Task directions: Only the lines below from the one containing "spline S17 degree" to the one containing "ellipse E3 centre" should be repeated, both included and unchanged.

Provided data:
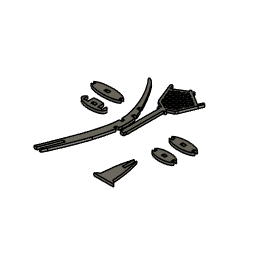
burnathome_model (Autodesk Fusion 360 design; units mm, degrees)
Autodesk Fusion 360 part; units mm, degrees
note: some values were not read from the file. Set by a fixed rule: which sketch regions a step uses.
(part 1 of 2)
sketch "Sketch1" plane through (0, 0, 0) normal (0, 0, 1) x (1, 0, 0)
  spline S0 degree 3 poles (105.7444, 14.5032) (117.4288, 44.6604) (130.3665, 74.6483) (136.8117, 106.4812) knots 0 0 0 0 1 1 1 1
  spline S1 degree 3 poles (135.284, 152.6044) (128.6212, 175.9715) (117.3015, 198.1451) (101.7627, 216.8286) knots 0 0 0 0 1 1 1 1
  spline S2 degree 3 poles (101.7627, 216.8286) (100.2225, 218.6487) (96.6852, 221.8312) (97.531, 222.5321) knots 0 0 0 0 1 1 1 1
  spline S3 degree 3 poles (97.531, 222.5321) (99.4549, 223.9712) (106.4176, 220.3297) (113.8276, 209.9742) knots 0 0 0 0 1 1 1 1
  spline S4 degree 3 poles (113.8276, 209.9742) (127.6672, 190.7251) (139.1986, 169.8205) (148.7703, 148.1491) knots 0 0 0 0 1 1 1 1
  spline S5 degree 3 poles (148.7593, 148.174) (152.834, 138.1049) (152.7256, 126.9178) (152.0453, 116.2604) knots 0 0 0 0 1 1 1 1
  spline S6 degree 3 poles (152.047, 116.2872) (150.3094, 104.2979) (146.4472, 89.1288) (141.1137, 70.5518) knots 0 0 0 0 1 1 1 1
  spline S7 degree 2 poles (161.9789, 170.2352) (154.8849, 179.5494) (137.874, 203.6318) knots 0 0 0 1 1 1
  spline S8 degree 3 poles (137.874, 203.6318) (145.0675, 206.7636) (154.3879, 210.8154) (161.9789, 214.1758) knots 0 0 0 0 1 1 1 1
  spline S9 degree 3 poles (161.9789, 214.1758) (170.0804, 210.3083) (178.4147, 206.771) (186.3736, 202.7014) knots 0 0 0 0 1 1 1 1
  spline S10 degree 3 poles (186.3736, 202.7014) (182.615, 197.9373) (162.2857, 169.7391) (161.9789, 170.2352) knots 0 0 0 0 1 1 1 1
  line L0 (161.9789, 214.1758) -> (161.9789, 165.1) construction
  line L1 (101.7627, 216.8286) -> (100.2225, 218.6487) construction
  line L2 (100.2225, 218.6487) -> (96.6852, 221.8312) construction
  line L3 (96.6852, 221.8312) -> (97.531, 222.5321) construction
  line L4 (97.531, 222.5321) -> (99.4549, 223.9712) construction
  line L5 (99.4549, 223.9712) -> (106.4176, 220.3297) construction
  line L6 (106.4176, 220.3297) -> (113.8276, 209.9742) construction
  line L7 (152.047, 116.2872) -> (150.3094, 104.2979) construction
  line L8 (150.3094, 104.2979) -> (146.4472, 89.1288) construction
  line L9 (146.4472, 89.1288) -> (141.1137, 70.5518) construction
  line L10 (119.1614, 37.5643) -> (123.5466, 35.8761)
  line L11 (123.5466, 35.8761) -> (109.8583, 0.3199)
  line L12 (119.1614, 37.5643) -> (104.7977, 0.254)
  spline S11 degree 3 poles (141.1137, 70.5518) (136.0968, 54.3686) (125.6817, 28.5289) (117.0593, 8.6966) knots 0 0 0 0 0.937383 0.937383 0.937383 0.937383
  line L13 (141.1137, 70.5518) -> (136.0968, 54.3686) construction
  line L14 (136.0968, 54.3686) -> (125.6817, 28.5289) construction
  line L15 (125.6817, 28.5289) -> (117.0593, 8.6966) construction
  spline S12 degree 3 poles (99.568, 0.254) (99.8499, 0.2503) (102.6483, 6.336) (105.7444, 14.5032) knots 0.351989 0.351989 0.351989 0.351989 1 1 1 1
  line L16 (99.568, 0.254) -> (99.8499, 0.2503) construction
  line L17 (99.8499, 0.2503) -> (102.6483, 6.336) construction
  line L18 (102.6483, 6.336) -> (105.7444, 14.5032) construction
  line L19 (202.385, 12.1082) -> (221.4351, 12.1082)
  line L20 (221.4351, 12.1082) -> (221.4351, 36.9579) construction
  line L21 (219.0856, 50.2082) -> (219.0856, 73.0762)
  line L22 (219.0856, 50.2082) -> (221.4351, 50.2082)
  arc A0 (209.8206, 17.9721) -> (202.385, 12.1082) centre (221.435, -4.4018) ccw
  spline S13 degree 5 poles (219.0856, 73.0762) (218.798, 72.0356) (218.2295, 69.9495) (217.3962, 66.8053) (216.327, 62.5819) (215.0787, 57.2456) (213.9414, 51.8447) (212.9362, 46.3723) (212.0737, 40.825) (211.3458, 35.2064) (210.736, 29.5227) (210.3279, 24.9291) (210.0601, 21.4598) (209.8977, 19.1364) (209.8206, 17.9721) knots 0 0 0 0 0 0 0.1 0.2 0.3 0.4 0.5 0.6 0.7 0.8 0.9 1 1 1 1 1 1
  line L23 (240.4851, 12.1082) -> (221.4351, 12.1082)
  arc A1 (240.4851, 12.1082) -> (233.0495, 17.9721) centre (221.4351, -4.4018) ccw
  line L24 (223.7846, 50.2082) -> (223.7846, 73.0762)
  spline S14 degree 5 poles (223.7846, 73.0762) (224.0721, 72.0356) (224.6406, 69.9495) (225.4739, 66.8053) (226.5431, 62.5819) (227.7914, 57.2456) (228.9287, 51.8447) (229.9339, 46.3723) (230.7964, 40.825) (231.5243, 35.2064) (232.1341, 29.5227) (232.5422, 24.9291) (232.81, 21.4598) (232.9724, 19.1364) (233.0495, 17.9721) knots 0 0 0 0 0 0 0.1 0.2 0.3 0.4 0.5 0.6 0.7 0.8 0.9 1 1 1 1 1 1
  line L25 (220.5921, 78.5288) -> (217.579, 67.6235)
  line L26 (210.2086, 23.8294) -> (209.4327, 12.1147)
  line L27 (222.278, 78.5288) -> (225.2911, 67.6235)
  line L28 (232.6616, 23.8294) -> (233.4374, 12.1147)
  line L29 (223.7846, 50.2082) -> (221.4351, 50.2082)
  line L30 (161.9789, 228.6) -> (161.9789, -25.4) construction
  line L31 (139.0297, 126.8561) -> (161.9789, 126.8561) construction
  line L32 (137.237, 162.3529) -> (161.9789, 162.3117) construction
  line L33 (143.7687, 145.0614) -> (161.9789, 145.0614) construction
  line L34 (156.4687, 142.7119) -> (143.7687, 142.7119)
  line L35 (143.7687, 142.7119) -> (143.7687, 147.4109)
  line L36 (143.7687, 147.4109) -> (156.4687, 147.4109)
  line L37 (156.4687, 147.4109) -> (156.4687, 142.7119)
  line L38 (156.4687, 142.7119) -> (143.7687, 147.4109) construction
  line L39 (143.7687, 142.7119) -> (156.4687, 147.4109) construction
  line L40 (161.9789, 108.9422) -> (146.0368, 108.9422) construction
  line L41 (155.5618, 111.2917) -> (146.0368, 111.2917)
  line L42 (146.0368, 111.2917) -> (146.0368, 106.5927)
  line L43 (146.0368, 106.5927) -> (155.5618, 106.5927)
  line L44 (155.5618, 106.5927) -> (155.5618, 111.2917)
  line L45 (155.5618, 111.2917) -> (146.0368, 106.5927) construction
  line L46 (146.0368, 111.2917) -> (155.5618, 106.5927) construction
  line L47 (147.0795, 159.9952) -> (137.237, 159.9952)
  line L48 (137.237, 159.9952) -> (137.237, 164.6942)
  line L49 (137.237, 164.6942) -> (147.0795, 164.6942)
  line L50 (147.0795, 164.6942) -> (147.0795, 159.9952)
  line L51 (147.0795, 159.9952) -> (137.237, 164.6942) construction
  line L52 (137.237, 159.9952) -> (147.0795, 164.6942) construction
  ellipse E0 centre (79.447, 160.9534) end of major axis (109.2158, 160.9534) minor radius 9.525
  line L53 (49.6782, 160.9534) -> (109.2158, 160.9534) construction
  line L54 (79.447, 151.4284) -> (79.447, 170.4784) construction
  line L55 (83.257, 158.6039) -> (75.637, 158.6039)
  line L56 (75.637, 158.6039) -> (75.637, 163.3029)
  line L57 (75.637, 163.3029) -> (83.257, 163.3029)
  line L58 (83.257, 163.3029) -> (83.257, 158.6039)
  line L59 (83.257, 158.6039) -> (75.637, 163.3029) construction
  line L60 (75.637, 158.6039) -> (83.257, 163.3029) construction
  line L61 (132.2063, 162.3613) -> (137.237, 162.3529) construction
  line L62 (137.1951, 145.0614) -> (143.7687, 145.0614) construction
  line L63 (146.0368, 108.9422) -> (137.3129, 108.9422) construction
  line L64 (54.6058, 163.3029) -> (44.7506, 163.3029)
  line L65 (44.7506, 163.3029) -> (44.7506, 158.6039)
  line L66 (44.7506, 158.6039) -> (54.6058, 158.6039)
  line L67 (54.6058, 158.6039) -> (54.6058, 163.3029)
  line L68 (54.6058, 163.3029) -> (44.7506, 158.6039) construction
  line L69 (44.7506, 163.3029) -> (54.6058, 158.6039) construction
  line L70 (104.2882, 158.6039) -> (114.1434, 158.6039)
  line L71 (114.1434, 158.6039) -> (114.1434, 163.3029)
  line L72 (114.1434, 163.3029) -> (104.2882, 163.3029)
  line L73 (104.2882, 163.3029) -> (104.2882, 158.6039)
  line L74 (104.2882, 158.6039) -> (114.1434, 163.3029) construction
  line L75 (114.1434, 158.6039) -> (104.2882, 163.3029) construction
  line L76 (237.743, 142.2845) -> (245.363, 146.9835) construction
  line L77 (259.7902, 146.9835) -> (259.7902, 142.2845)
  line L78 (274.1158, 142.2845) -> (274.1158, 146.9835)
  line L79 (208.9902, 146.9835) -> (223.3158, 142.2845) construction
  line L80 (208.9902, 146.9835) -> (208.9902, 142.2845)
  line L81 (223.3158, 142.2845) -> (223.3158, 146.9835)
  line L82 (259.7902, 142.2845) -> (274.1158, 142.2845)
  line L83 (245.363, 142.2845) -> (237.743, 142.2845)
  line L84 (245.363, 142.2845) -> (237.743, 146.9835) construction
  line L85 (259.7902, 142.2845) -> (274.1158, 146.9835) construction
  line L86 (237.743, 142.2845) -> (237.743, 146.9835)
  line L87 (208.9902, 142.2845) -> (223.3158, 142.2845)
  line L88 (245.363, 146.9835) -> (245.363, 142.2845)
  line L89 (274.1158, 142.2845) -> (259.7902, 146.9835) construction
  line L90 (274.1158, 146.9835) -> (259.7902, 146.9835)
  line L91 (223.3158, 146.9835) -> (208.9902, 146.9835)
  line L92 (237.743, 146.9835) -> (245.363, 146.9835)
  line L93 (223.3158, 146.9835) -> (208.9902, 142.2845) construction
  ellipse E1 centre (241.553, 144.634) end of major axis (266.953, 144.634) minor radius 9.525
  line L94 (216.153, 144.634) -> (266.953, 144.634) construction
  line L95 (241.553, 135.109) -> (241.553, 154.159) construction
  line L96 (91.1889, 125.3656) -> (83.5689, 125.3656)
  line L97 (91.1889, 125.3656) -> (83.5689, 130.0646) construction
  line L98 (83.5689, 130.0646) -> (91.1889, 130.0646)
  line L99 (83.5689, 125.3656) -> (83.5689, 130.0646)
  line L100 (91.1889, 130.0646) -> (91.1889, 125.3656)
  line L101 (83.5689, 125.3656) -> (91.1889, 130.0646) construction
  line L102 (225.1114, 106.1159) -> (225.1114, 110.8149)
  line L103 (268.2914, 106.1159) -> (257.1662, 110.8149) construction
  line L104 (213.9862, 110.8149) -> (225.1114, 106.1159) construction
  line L105 (257.1662, 106.1159) -> (268.2914, 110.8149) construction
  line L106 (244.3138, 106.1159) -> (237.9638, 106.1159)
  line L107 (257.1662, 106.1159) -> (268.2914, 106.1159)
  line L108 (225.1114, 110.8149) -> (213.9862, 110.8149)
  line L109 (244.3138, 106.1159) -> (237.9638, 110.8149) construction
  line L110 (257.1662, 110.8149) -> (257.1662, 106.1159)
  line L111 (213.9862, 110.8149) -> (213.9862, 106.1159)
  line L112 (225.1114, 110.8149) -> (213.9862, 106.1159) construction
  line L113 (213.9862, 106.1159) -> (225.1114, 106.1159)
  line L114 (268.2914, 110.8149) -> (257.1662, 110.8149)
  line L115 (237.9638, 110.8149) -> (244.3138, 110.8149)
  line L116 (237.9638, 106.1159) -> (237.9638, 110.8149)
  line L117 (244.3138, 110.8149) -> (244.3138, 106.1159)
  line L118 (237.9638, 106.1159) -> (244.3138, 110.8149) construction
  ellipse E2 centre (241.1388, 108.4654) end of major axis (262.7288, 108.4654) minor radius 9.525
  line L119 (219.5488, 108.4654) -> (262.7288, 108.4654) construction
  line L120 (241.1388, 98.9404) -> (241.1388, 117.9904) construction
  line L121 (268.2914, 106.1159) -> (268.2914, 110.8149)
  line L122 (158.1689, 176.53) -> (165.7889, 176.53)
  line L123 (165.7889, 176.53) -> (165.7889, 111.4565)
  line L124 (158.1689, 111.4565) -> (158.1689, 176.53)
  spline S15 degree 3 poles (161.8759, 205.8008) (166.2261, 203.7742) (170.5456, 201.8424) (174.7461, 199.881) knots 0.127739 0.127739 0.127739 0.127739 0.652669 0.652669 0.652669 0.652669
  spline S16 degree 3 poles (174.7461, 199.881) (172.3216, 196.5944) (169.4721, 192.7118) (166.7324, 188.9957) (165.1268, 186.8178) (163.5593, 184.6977) (162.1432, 182.7963) knots 0.254809 0.254809 0.254809 0.254809 0.50048 0.50048 0.50048 0.64446 0.64446 0.64446 0.64446
  spline S17 degree 3 poles (162.1432, 182.7963) (159.0509, 187.0323) (155.2878, 192.2652) (150.8627, 198.484) (150.4183, 199.1085) (149.9672, 199.743) (149.5094, 200.3875) knots 0.340954 0.340954 0.340954 0.340954 0.787557 0.787557 0.787557 0.83241 0.83241 0.83241 0.83241
  spline S18 degree 3 poles (149.5094, 200.3875) (153.6089, 202.1746) (157.8877, 204.0444) (161.8759, 205.8008) knots 0.36706 0.36706 0.36706 0.36706 0.864387 0.864387 0.864387 0.864387
  spline S19 degree 3 poles (136.8117, 106.4811) (136.8741, 106.7796) (136.9365, 107.0782) (136.999, 107.3768) (140.1243, 122.3208) (139.7101, 137.9614) (135.2839, 152.6046) knots 0 0 0 0 0.091508 0.091508 0.091508 1.091508 1.091508 1.091508 1.091508
  line L125 (144.1097, 129.2056) -> (133.9497, 129.2056)
  line L126 (133.9497, 129.2056) -> (133.9497, 124.5066)
  line L127 (133.9497, 124.5066) -> (144.1097, 124.5066)
  line L128 (144.1097, 124.5066) -> (144.1097, 129.2056)
  line L129 (144.1097, 129.2056) -> (133.9497, 124.5066) construction
  line L130 (133.9497, 129.2056) -> (144.1097, 124.5066) construction
  line L131 (69.3814, 125.4267) -> (77.7634, 125.4267)
  line L132 (77.7634, 125.4267) -> (77.7634, 136.487)
  line L133 (69.3814, 133.6454) -> (69.3814, 125.4267)
  line L134 (96.7076, 125.4267) -> (105.0896, 125.4267)
  line L135 (105.0896, 125.4267) -> (105.0896, 133.7524)
  line L136 (96.7076, 136.5214) -> (96.7076, 125.4267)
  ellipse E3 centre (87.3789, 127.7151) end of major axis (110.3281, 127.6837) minor radius 9.525 (69.3814, 133.6454) -> (105.0896, 133.7524) ccw
  ellipse E4 centre (87.3789, 127.7151) end of major axis (110.2537, 127.6848) minor radius 9.6559 (96.7076, 136.5214) -> (77.7634, 136.487) ccw
  line L137 (104.7977, 0.254) -> (99.568, 0.254)
  line L138 (158.8039, 111.4565) -> (158.8039, 106.68)
  line L139 (158.8039, 106.68) -> (165.1539, 106.68)
  line L140 (165.1539, 106.68) -> (165.1539, 111.4565)
  line L141 (165.7889, 111.4565) -> (165.1539, 111.4565)
  line L142 (158.8039, 111.4565) -> (158.1689, 111.4565)
  line L143 (109.8583, 0.3199) -> (113.0859, 0.3199)
  line L144 (117.0593, 8.6966) -> (113.0859, 0.3199)
  point P0 (213.0605, 46.8735)
  point P1 (229.8096, 46.8735)
  point P2 (152.4027, 126.8561)
  point P3 (150.1187, 145.0614)
  point P4 (142.1582, 162.3447)
  point P5 (150.7993, 108.9422)
  point P6 (142.1582, 162.3447)
  point P7 (79.447, 160.9534)
  point P8 (49.6782, 160.9534)
  point P9 (109.2158, 160.9534)
  point P10 (241.553, 144.634)
  point P11 (216.153, 144.634)
  point P12 (266.953, 144.634)
  point P13 (87.3789, 127.7151)
  point P14 (64.2667, 127.9032)
  point P15 (110.1696, 127.9032)
  point P16 (241.1388, 108.4654)
  point P17 (219.5488, 108.4654)
  point P18 (262.7288, 108.4654)
  point P19 (161.9789, 176.53)
  point P20 (140.3889, 108.9503)
  point P21 (136.5789, 145.0601)
  point P22 (139.0297, 126.8561)
  point P23 (69.3467, 127.9032)
  dimension "d2" = 4.699
  dimension "d4" = 38.1
  dimension "d6" = 2.3495
  dimension "d9" = 38.1
  dimension "d12" = 12.7
  dimension "d13" = 4.699
  dimension "d16" = 9.525
  dimension "d17" = 4.699
  dimension "d18" = 9.8425
  dimension "d19" = 4.699
  dimension "d20" = 59.5376
  dimension "d21" = 19.05
  dimension "d22" = 7.62
  dimension "d23" = 4.699
  dimension "d24" = 9.8552
  dimension "d25" = 4.699
  dimension "d26" = 9.8552
  dimension "d27" = 4.699
  dimension "d28" = 50.8
  dimension "d29" = 19.05
  dimension "d30" = 7.62
  dimension "d31" = 4.699
  dimension "d32" = 14.3256
  dimension "d33" = 4.699
  dimension "d34" = 14.3256
  dimension "d35" = 4.699
  dimension "d36" = 45.8984
  dimension "d37" = 19.05
  dimension "d38" = 7.62
  dimension "d39" = 4.699
  dimension "d44" = 43.18
  dimension "d45" = 19.05
  dimension "d46" = 6.35
  dimension "d47" = 4.699
  dimension "d48" = 11.1252
  dimension "d49" = 4.699
  dimension "d50" = 11.1252
  dimension "d51" = 4.699
  dimension "d52" = 7.62
  dimension "d54" = 7.62
  dimension "d61" = 21.59
  dimension "d63" = 25.4
  dimension "d64" = 29.7726
  dimension "d65" = 22.9492
  dimension "d66" = 10.16
  dimension "d67" = 4.699
  dimension "d68" = 5.08
  dimension "d70" = 8.382
  dimension "d71" = 8.382
  dimension "d72" = 5.08
  dimension "d74" = 6.35
  constraint vertical L0
  constraint coincident S7.start L0
  constraint perpendicular L10 L12
  constraint perpendicular L10 L11
  constraint horizontal L19
  constraint perpendicular L19 L20
  constraint perpendicular L19 L21
  constraint coincident L20 L22.end
  constraint midpoint L21.end L25
  constraint midpoint A0.start L26
  constraint symmetric L19.start L20 L23.start
  constraint symmetric L19.end L20 L23.end
  constraint symmetric L20 L21.end L24.end
  constraint symmetric L20 L21.start L24.start
  constraint symmetric L20 A0 A1
  constraint symmetric L20 P0 P1
  constraint symmetric L20 A0.start A1.end
  constraint symmetric L20 L22.end L29.end
  constraint symmetric L20 L25.start L27.start
  constraint symmetric L20 L25.end L27.end
  constraint symmetric L20 L26.start L28.start
  constraint symmetric L20 L26.end L28.end
  constraint vertical L30
  constraint coincident L30 L31.end
  constraint perpendicular L30 L31
  constraint coincident S8.end L30
  constraint coincident L0 L32.end
  constraint coincident L30 L33.end
  constraint perpendicular L30 L33
  constraint coincident L31 P2
  constraint coincident S5 P2
  constraint horizontal L34
  constraint perpendicular L34 L35
  constraint parallel L34 L36
  constraint parallel L35 L37
  constraint coincident L38 P3
  constraint coincident L39 P3
  constraint coincident L33 P3
  constraint coincident S4 P3
  constraint coincident L32 P6
  constraint coincident S4 P6
  constraint coincident L30 L40.start
  constraint perpendicular L30 L40
  constraint horizontal L41
  constraint perpendicular L41 L42
  constraint parallel L41 L43
  constraint parallel L42 L44
  constraint coincident L45 P5
  constraint coincident L46 P5
  constraint coincident S6 P5
  constraint coincident L40 P5
  constraint horizontal L47
  constraint perpendicular L47 L48
  constraint parallel L47 L49
  constraint parallel L48 L50
  constraint coincident L51 P6
  constraint coincident L52 P6
  constraint coincident P6 P4
  constraint coincident S1 L61.start
  constraint coincident L62.start S19
  constraint coincident L63.end S19
  constraint horizontal L53
  constraint coincident E0 P8
  constraint coincident E0 P9
  constraint coincident E0 L54.start
  constraint coincident E0 L54.end
  constraint horizontal L55
  constraint perpendicular L55 L56
  constraint parallel L55 L57
  constraint parallel L56 L58
  constraint coincident L59 P7
  constraint coincident L60 P7
  constraint coincident P7 E0.centre
  constraint coincident L48 L32.start
  constraint coincident P6 L61
  constraint coincident L35 L33.start
  constraint perpendicular L30 L62
  constraint coincident L42 L40.end
  constraint perpendicular L30 L63
  constraint horizontal L64
  constraint perpendicular L64 L65
  constraint parallel L64 L66
  constraint parallel L65 L67
  constraint coincident L68 P8
  constraint coincident L69 P8
  constraint coincident P8 L53.start
  constraint horizontal L70
  constraint perpendicular L70 L71
  constraint parallel L70 L72
  constraint parallel L71 L73
  constraint coincident L74 P9
  constraint coincident L75 P9
  constraint coincident P9 L53.end
  constraint horizontal L94
  constraint coincident P11 E1
  constraint coincident P12 E1
  constraint coincident L95.start E1
  constraint coincident L95.end E1
  constraint horizontal L83
  constraint perpendicular L83 L86
  constraint parallel L83 L92
  constraint parallel L86 L88
  constraint coincident P10 L84
  constraint coincident P10 L76
  constraint coincident P10 E1.centre
  constraint horizontal L91
  constraint perpendicular L80 L91
  constraint parallel L87 L91
  constraint parallel L80 L81
  constraint coincident P11 L93
  constraint coincident P11 L79
  constraint coincident P11 L94.start
  constraint horizontal L82
  constraint perpendicular L78 L82
  constraint parallel L82 L90
  constraint parallel L77 L78
  constraint coincident P12 L85
  constraint coincident P12 L89
  constraint coincident P12 L94.end
  constraint horizontal L96
  constraint perpendicular L96 L99
  constraint parallel L96 L98
  constraint parallel L99 L100
  constraint coincident P13 L97
  constraint coincident P13 L101
  constraint coincident P13 E3.centre
  constraint horizontal L119
  constraint coincident P17 E2
  constraint coincident P18 E2
  constraint coincident L120.start E2
  constraint coincident L120.end E2
  constraint horizontal L106
  constraint perpendicular L106 L116
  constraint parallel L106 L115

Task output:
  spline S17 degree 3 poles (162.1432, 182.7963) (159.0509, 187.0323) (155.2878, 192.2652) (150.8627, 198.484) (150.4183, 199.1085) (149.9672, 199.743) (149.5094, 200.3875) knots 0.340954 0.340954 0.340954 0.340954 0.787557 0.787557 0.787557 0.83241 0.83241 0.83241 0.83241
  spline S18 degree 3 poles (149.5094, 200.3875) (153.6089, 202.1746) (157.8877, 204.0444) (161.8759, 205.8008) knots 0.36706 0.36706 0.36706 0.36706 0.864387 0.864387 0.864387 0.864387
  spline S19 degree 3 poles (136.8117, 106.4811) (136.8741, 106.7796) (136.9365, 107.0782) (136.999, 107.3768) (140.1243, 122.3208) (139.7101, 137.9614) (135.2839, 152.6046) knots 0 0 0 0 0.091508 0.091508 0.091508 1.091508 1.091508 1.091508 1.091508
  line L125 (144.1097, 129.2056) -> (133.9497, 129.2056)
  line L126 (133.9497, 129.2056) -> (133.9497, 124.5066)
  line L127 (133.9497, 124.5066) -> (144.1097, 124.5066)
  line L128 (144.1097, 124.5066) -> (144.1097, 129.2056)
  line L129 (144.1097, 129.2056) -> (133.9497, 124.5066) construction
  line L130 (133.9497, 129.2056) -> (144.1097, 124.5066) construction
  line L131 (69.3814, 125.4267) -> (77.7634, 125.4267)
  line L132 (77.7634, 125.4267) -> (77.7634, 136.487)
  line L133 (69.3814, 133.6454) -> (69.3814, 125.4267)
  line L134 (96.7076, 125.4267) -> (105.0896, 125.4267)
  line L135 (105.0896, 125.4267) -> (105.0896, 133.7524)
  line L136 (96.7076, 136.5214) -> (96.7076, 125.4267)
  ellipse E3 centre (87.3789, 127.7151) end of major axis (110.3281, 127.6837) minor radius 9.525 (69.3814, 133.6454) -> (105.0896, 133.7524) ccw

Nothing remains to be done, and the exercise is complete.